**Required work**
In the listing that follows, copy out each line that includes the word "lineweight".
+++ Data to examine +++
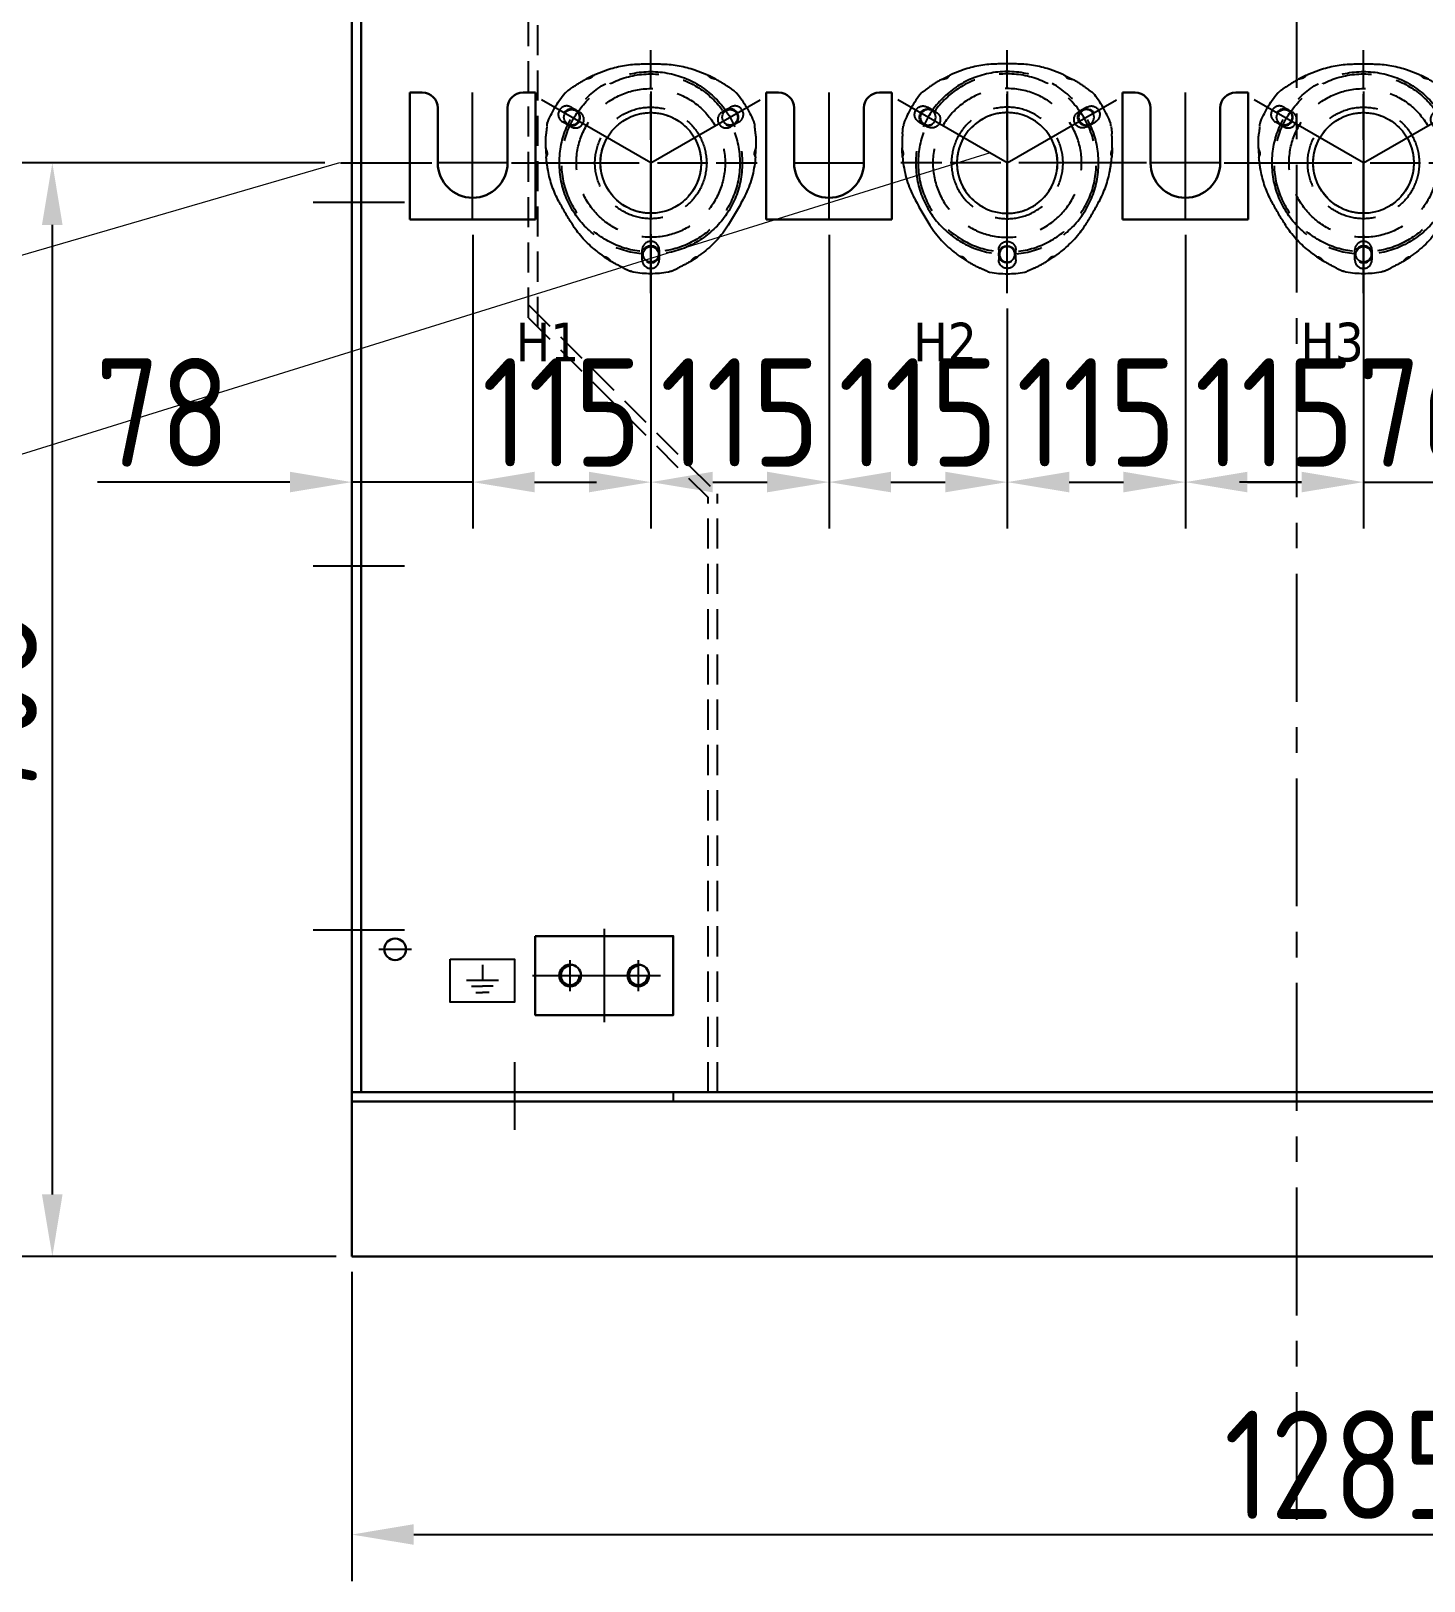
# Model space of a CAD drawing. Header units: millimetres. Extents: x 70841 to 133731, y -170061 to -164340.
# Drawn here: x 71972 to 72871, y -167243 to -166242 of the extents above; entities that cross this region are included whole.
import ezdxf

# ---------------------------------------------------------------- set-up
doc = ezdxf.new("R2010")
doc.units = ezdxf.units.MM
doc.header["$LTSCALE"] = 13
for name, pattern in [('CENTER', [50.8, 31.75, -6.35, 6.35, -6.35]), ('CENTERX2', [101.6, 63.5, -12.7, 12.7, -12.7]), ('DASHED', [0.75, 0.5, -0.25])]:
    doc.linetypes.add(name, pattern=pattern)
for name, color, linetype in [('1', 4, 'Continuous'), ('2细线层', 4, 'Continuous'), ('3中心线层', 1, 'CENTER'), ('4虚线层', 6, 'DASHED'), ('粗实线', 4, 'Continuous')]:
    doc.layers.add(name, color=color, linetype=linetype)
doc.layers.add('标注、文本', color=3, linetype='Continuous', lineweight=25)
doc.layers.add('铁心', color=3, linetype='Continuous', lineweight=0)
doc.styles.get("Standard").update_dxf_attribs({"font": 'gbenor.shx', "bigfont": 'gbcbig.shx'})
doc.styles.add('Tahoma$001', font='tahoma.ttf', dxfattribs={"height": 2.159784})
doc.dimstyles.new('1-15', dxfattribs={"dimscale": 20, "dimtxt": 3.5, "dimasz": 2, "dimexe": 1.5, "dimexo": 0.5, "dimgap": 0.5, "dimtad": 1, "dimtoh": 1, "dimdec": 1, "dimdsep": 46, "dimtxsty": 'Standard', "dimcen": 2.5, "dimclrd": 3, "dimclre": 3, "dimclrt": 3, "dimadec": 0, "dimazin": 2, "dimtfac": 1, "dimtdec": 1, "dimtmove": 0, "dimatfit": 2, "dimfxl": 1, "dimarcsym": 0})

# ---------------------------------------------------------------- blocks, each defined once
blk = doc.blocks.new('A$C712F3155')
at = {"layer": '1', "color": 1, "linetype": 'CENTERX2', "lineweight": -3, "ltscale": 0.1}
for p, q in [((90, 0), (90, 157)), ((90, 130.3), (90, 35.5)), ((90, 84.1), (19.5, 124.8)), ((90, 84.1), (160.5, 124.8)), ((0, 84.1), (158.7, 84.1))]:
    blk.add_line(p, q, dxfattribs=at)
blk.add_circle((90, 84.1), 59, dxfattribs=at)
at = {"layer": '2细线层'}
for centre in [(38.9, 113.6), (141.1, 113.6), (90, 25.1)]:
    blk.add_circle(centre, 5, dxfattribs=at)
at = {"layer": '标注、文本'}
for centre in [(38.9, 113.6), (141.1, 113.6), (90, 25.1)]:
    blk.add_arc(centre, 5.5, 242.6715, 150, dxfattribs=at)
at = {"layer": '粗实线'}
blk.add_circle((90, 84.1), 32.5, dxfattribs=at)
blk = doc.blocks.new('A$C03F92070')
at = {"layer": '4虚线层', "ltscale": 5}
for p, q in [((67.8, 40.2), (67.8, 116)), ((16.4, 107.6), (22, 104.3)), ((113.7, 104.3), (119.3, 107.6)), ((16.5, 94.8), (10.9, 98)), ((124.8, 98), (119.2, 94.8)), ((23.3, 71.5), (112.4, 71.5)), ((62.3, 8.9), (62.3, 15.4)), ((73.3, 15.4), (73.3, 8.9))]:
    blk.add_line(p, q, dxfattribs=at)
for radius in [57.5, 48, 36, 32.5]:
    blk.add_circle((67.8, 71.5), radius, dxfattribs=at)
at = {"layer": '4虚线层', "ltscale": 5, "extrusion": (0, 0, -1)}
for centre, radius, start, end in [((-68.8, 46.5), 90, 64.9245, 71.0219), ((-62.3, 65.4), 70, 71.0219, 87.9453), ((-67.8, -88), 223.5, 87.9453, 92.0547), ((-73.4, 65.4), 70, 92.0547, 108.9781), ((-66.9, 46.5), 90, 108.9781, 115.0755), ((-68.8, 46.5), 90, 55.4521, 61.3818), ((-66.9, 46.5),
+++
**Expected answer**
doc.layers.add('标注、文本', color=3, linetype='Continuous', lineweight=25)
doc.layers.add('铁心', color=3, linetype='Continuous', lineweight=0)
at = {"layer": '1', "color": 1, "linetype": 'CENTERX2', "lineweight": -3, "ltscale": 0.1}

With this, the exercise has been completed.